▸ WORK TO COMPLETE: Output, word for word, the lines of this listing that fall between the line with "(69.3179935743, -6.8680902735), align=None)" and the line with "-21.9195482378), (13.8647859035, -19.0234084111))", counting both of those lines, and no others.
━━━━━ DATA EXTRACTS ━━━━━
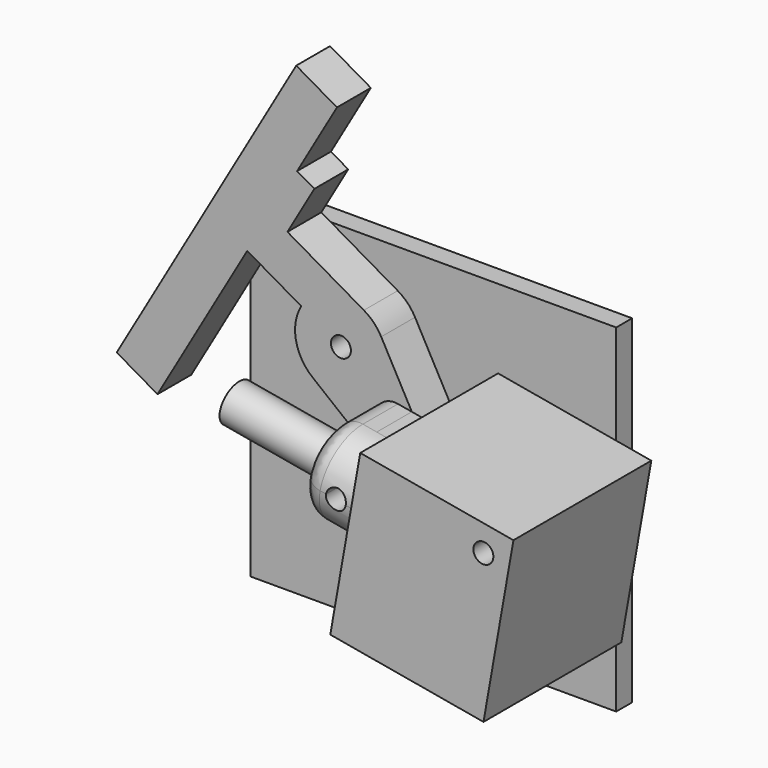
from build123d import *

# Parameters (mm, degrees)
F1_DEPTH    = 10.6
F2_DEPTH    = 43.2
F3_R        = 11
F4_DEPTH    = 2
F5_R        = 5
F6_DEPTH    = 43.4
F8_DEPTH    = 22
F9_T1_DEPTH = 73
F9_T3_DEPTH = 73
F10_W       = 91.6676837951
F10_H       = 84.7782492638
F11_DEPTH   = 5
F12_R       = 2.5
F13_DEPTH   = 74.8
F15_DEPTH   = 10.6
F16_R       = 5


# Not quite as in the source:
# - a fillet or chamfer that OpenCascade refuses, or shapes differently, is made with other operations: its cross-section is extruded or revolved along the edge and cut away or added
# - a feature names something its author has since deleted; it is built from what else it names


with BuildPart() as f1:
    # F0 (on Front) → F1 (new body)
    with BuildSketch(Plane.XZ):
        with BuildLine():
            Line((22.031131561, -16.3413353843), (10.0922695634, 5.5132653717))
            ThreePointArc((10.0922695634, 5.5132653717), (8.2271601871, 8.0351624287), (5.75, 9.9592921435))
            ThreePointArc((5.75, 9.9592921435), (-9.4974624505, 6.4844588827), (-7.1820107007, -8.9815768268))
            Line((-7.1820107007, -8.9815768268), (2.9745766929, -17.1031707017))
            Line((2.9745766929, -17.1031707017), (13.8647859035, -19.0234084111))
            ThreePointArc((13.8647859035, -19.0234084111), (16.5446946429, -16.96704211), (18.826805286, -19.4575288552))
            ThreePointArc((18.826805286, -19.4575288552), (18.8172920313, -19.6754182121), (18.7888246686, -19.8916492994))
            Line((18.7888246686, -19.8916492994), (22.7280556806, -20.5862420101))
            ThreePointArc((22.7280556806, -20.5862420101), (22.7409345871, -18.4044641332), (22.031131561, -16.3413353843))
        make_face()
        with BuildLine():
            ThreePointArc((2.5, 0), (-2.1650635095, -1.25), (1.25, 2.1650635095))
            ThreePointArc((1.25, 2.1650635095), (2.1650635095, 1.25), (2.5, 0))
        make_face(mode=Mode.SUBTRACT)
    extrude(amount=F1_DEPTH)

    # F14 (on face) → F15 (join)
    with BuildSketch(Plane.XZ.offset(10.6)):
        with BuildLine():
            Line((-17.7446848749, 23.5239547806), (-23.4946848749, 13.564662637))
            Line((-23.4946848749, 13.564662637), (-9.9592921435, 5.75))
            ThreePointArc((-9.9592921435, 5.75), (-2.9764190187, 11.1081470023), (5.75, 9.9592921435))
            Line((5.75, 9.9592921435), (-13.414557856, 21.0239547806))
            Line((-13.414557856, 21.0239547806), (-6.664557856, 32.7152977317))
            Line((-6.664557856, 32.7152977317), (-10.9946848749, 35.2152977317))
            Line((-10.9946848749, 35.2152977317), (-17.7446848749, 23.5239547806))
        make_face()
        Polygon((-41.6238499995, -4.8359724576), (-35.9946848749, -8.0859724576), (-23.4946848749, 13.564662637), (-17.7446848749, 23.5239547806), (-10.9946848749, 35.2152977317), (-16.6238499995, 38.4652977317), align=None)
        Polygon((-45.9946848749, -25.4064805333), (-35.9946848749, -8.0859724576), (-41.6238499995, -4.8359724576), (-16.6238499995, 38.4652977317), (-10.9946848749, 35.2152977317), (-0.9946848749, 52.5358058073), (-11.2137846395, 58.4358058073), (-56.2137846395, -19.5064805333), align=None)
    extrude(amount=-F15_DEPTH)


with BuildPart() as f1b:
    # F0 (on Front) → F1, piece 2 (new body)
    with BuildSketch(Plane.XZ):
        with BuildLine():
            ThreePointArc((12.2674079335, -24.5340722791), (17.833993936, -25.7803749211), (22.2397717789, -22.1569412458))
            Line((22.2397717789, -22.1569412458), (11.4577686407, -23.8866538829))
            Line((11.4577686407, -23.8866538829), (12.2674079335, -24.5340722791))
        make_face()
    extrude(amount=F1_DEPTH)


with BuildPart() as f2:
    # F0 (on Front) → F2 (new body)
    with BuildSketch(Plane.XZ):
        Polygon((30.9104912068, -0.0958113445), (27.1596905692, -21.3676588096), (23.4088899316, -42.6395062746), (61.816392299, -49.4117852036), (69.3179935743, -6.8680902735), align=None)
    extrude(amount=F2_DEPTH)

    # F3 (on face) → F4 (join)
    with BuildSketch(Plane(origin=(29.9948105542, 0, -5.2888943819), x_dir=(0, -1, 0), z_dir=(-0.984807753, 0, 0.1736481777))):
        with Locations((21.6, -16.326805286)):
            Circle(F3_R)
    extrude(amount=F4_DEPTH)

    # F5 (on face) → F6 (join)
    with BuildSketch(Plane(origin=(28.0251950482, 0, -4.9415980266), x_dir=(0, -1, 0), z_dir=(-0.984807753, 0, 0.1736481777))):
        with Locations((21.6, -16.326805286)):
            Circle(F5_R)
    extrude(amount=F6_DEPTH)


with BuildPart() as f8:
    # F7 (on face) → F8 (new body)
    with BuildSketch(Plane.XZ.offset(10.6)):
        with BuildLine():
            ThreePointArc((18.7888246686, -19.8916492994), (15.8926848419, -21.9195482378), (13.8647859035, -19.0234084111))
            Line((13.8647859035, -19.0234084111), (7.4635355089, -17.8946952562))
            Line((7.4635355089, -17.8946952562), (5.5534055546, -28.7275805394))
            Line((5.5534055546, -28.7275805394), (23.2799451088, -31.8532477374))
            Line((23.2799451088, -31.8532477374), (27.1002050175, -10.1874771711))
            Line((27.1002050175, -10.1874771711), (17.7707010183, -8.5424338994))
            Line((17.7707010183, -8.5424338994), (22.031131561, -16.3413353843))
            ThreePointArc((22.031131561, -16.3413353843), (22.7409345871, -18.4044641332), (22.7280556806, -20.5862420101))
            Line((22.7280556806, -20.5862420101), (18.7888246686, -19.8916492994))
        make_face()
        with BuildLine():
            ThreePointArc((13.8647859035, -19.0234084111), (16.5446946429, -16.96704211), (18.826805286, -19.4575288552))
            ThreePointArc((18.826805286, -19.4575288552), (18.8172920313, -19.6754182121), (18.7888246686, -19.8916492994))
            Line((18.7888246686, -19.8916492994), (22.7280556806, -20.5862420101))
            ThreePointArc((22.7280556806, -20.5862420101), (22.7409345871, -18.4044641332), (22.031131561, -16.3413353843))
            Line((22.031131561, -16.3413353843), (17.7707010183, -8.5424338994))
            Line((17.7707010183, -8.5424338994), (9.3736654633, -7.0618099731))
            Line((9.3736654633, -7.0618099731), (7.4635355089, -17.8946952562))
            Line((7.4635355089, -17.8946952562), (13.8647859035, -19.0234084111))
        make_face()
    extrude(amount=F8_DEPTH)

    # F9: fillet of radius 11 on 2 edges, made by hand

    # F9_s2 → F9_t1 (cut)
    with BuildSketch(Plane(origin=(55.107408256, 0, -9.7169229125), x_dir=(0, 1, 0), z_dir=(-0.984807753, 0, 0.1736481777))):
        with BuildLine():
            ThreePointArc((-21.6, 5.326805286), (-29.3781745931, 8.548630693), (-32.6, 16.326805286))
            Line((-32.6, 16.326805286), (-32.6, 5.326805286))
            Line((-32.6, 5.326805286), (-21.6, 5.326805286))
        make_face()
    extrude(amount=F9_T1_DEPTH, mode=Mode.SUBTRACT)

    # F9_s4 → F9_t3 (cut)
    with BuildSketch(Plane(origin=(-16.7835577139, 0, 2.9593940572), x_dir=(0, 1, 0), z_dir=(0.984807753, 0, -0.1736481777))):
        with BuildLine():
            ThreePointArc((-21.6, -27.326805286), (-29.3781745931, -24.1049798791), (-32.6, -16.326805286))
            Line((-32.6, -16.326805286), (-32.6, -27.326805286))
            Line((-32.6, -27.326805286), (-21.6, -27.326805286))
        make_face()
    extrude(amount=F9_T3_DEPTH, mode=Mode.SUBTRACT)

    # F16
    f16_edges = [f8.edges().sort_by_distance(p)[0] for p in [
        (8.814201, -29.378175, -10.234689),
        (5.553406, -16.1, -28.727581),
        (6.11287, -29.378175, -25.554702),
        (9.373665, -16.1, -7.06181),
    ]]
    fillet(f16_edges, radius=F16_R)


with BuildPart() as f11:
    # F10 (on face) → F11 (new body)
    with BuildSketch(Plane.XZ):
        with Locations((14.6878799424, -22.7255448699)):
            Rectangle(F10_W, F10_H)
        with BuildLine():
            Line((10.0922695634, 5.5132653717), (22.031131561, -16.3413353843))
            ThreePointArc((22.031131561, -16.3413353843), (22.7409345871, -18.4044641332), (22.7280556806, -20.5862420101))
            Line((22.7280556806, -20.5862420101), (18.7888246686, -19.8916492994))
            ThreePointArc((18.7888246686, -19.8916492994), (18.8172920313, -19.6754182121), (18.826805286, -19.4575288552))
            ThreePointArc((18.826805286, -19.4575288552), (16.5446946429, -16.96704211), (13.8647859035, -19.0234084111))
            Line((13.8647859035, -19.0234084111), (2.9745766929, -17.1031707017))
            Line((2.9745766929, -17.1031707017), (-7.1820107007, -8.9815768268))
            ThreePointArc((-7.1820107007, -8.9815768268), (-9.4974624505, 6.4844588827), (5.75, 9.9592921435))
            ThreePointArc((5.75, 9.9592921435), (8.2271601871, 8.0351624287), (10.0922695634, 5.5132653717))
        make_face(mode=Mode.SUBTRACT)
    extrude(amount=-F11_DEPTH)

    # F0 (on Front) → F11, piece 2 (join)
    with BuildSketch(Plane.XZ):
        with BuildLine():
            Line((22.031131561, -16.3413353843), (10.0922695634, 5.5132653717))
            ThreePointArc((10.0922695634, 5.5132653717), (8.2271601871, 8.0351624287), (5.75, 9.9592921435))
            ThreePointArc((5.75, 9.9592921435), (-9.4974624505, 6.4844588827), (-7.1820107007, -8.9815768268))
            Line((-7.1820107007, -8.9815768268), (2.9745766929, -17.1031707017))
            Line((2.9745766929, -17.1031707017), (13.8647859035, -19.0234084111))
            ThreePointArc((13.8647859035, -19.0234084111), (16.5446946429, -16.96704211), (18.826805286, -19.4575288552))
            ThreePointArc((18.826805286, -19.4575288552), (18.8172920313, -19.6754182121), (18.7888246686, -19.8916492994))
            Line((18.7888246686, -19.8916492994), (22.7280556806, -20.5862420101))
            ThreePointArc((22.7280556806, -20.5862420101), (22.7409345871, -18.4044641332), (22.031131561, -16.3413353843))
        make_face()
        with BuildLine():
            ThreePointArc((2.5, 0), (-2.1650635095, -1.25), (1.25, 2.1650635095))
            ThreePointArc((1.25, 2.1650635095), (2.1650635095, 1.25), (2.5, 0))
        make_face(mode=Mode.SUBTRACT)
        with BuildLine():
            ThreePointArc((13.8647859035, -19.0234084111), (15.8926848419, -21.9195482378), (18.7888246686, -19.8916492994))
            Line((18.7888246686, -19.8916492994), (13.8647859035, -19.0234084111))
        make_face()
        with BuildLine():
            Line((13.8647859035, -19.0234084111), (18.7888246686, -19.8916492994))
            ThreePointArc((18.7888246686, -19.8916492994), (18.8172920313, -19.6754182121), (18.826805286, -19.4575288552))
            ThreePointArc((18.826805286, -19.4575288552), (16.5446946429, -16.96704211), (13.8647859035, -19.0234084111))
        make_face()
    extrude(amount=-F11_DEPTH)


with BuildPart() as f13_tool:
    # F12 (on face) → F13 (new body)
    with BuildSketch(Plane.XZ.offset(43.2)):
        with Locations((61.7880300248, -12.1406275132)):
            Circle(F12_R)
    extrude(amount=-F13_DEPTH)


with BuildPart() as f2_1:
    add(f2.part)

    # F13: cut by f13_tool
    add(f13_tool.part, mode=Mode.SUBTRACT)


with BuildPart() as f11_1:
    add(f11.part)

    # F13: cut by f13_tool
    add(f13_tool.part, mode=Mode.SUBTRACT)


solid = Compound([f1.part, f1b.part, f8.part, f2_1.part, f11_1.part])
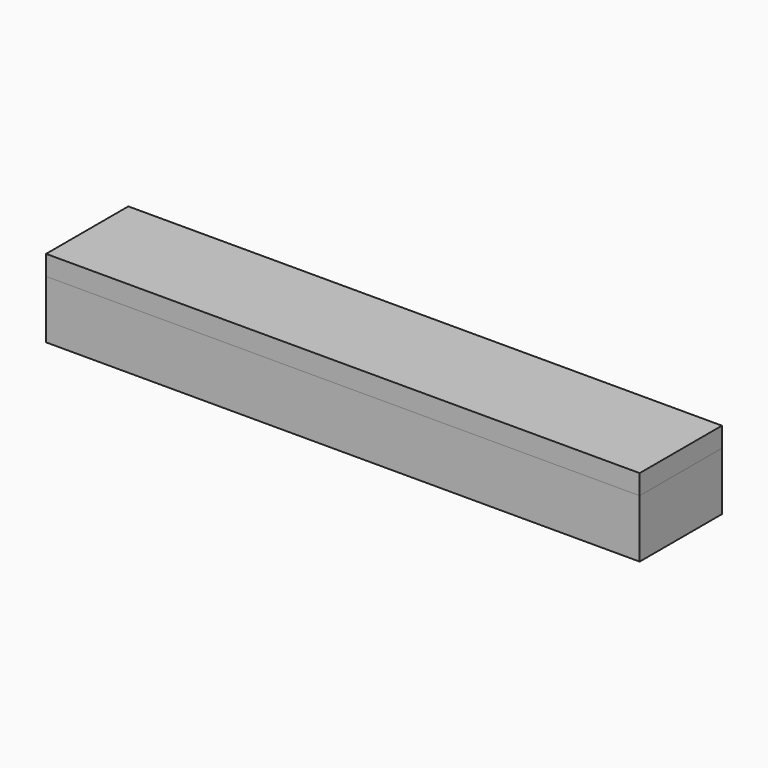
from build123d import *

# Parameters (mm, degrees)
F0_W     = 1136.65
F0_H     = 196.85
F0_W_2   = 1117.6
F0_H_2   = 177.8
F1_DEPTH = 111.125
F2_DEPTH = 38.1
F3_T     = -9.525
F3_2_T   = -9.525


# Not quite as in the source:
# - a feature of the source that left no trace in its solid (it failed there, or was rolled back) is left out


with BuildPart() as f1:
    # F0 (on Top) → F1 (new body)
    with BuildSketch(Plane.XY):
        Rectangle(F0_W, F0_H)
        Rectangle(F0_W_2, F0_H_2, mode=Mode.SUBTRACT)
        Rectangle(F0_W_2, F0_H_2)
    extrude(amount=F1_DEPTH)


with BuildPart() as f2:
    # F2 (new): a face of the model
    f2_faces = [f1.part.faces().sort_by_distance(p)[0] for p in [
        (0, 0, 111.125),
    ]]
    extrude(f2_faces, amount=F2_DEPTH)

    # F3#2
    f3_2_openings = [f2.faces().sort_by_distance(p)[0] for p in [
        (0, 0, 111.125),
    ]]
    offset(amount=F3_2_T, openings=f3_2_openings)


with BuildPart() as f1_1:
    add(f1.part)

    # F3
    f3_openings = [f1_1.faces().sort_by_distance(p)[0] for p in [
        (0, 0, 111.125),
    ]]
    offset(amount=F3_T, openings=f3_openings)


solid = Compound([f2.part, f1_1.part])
━━━━━
▸ OUTPUT:
        Polygon((30.9104912068, -0.0958113445), (27.1596905692, -21.3676588096), (23.4088899316, -42.6395062746), (61.816392299, -49.4117852036), (69.3179935743, -6.8680902735), align=None)
    extrude(amount=F2_DEPTH)

    # F3 (on face) → F4 (join)
    with BuildSketch(Plane(origin=(29.9948105542, 0, -5.2888943819), x_dir=(0, -1, 0), z_dir=(-0.984807753, 0, 0.1736481777))):
        with Locations((21.6, -16.326805286)):
            Circle(F3_R)
    extrude(amount=F4_DEPTH)

    # F5 (on face) → F6 (join)
    with BuildSketch(Plane(origin=(28.0251950482, 0, -4.9415980266), x_dir=(0, -1, 0), z_dir=(-0.984807753, 0, 0.1736481777))):
        with Locations((21.6, -16.326805286)):
            Circle(F5_R)
    extrude(amount=F6_DEPTH)


with BuildPart() as f8:
    # F7 (on face) → F8 (new body)
    with BuildSketch(Plane.XZ.offset(10.6)):
        with BuildLine():
            ThreePointArc((18.7888246686, -19.8916492994), (15.8926848419, -21.9195482378), (13.8647859035, -19.0234084111))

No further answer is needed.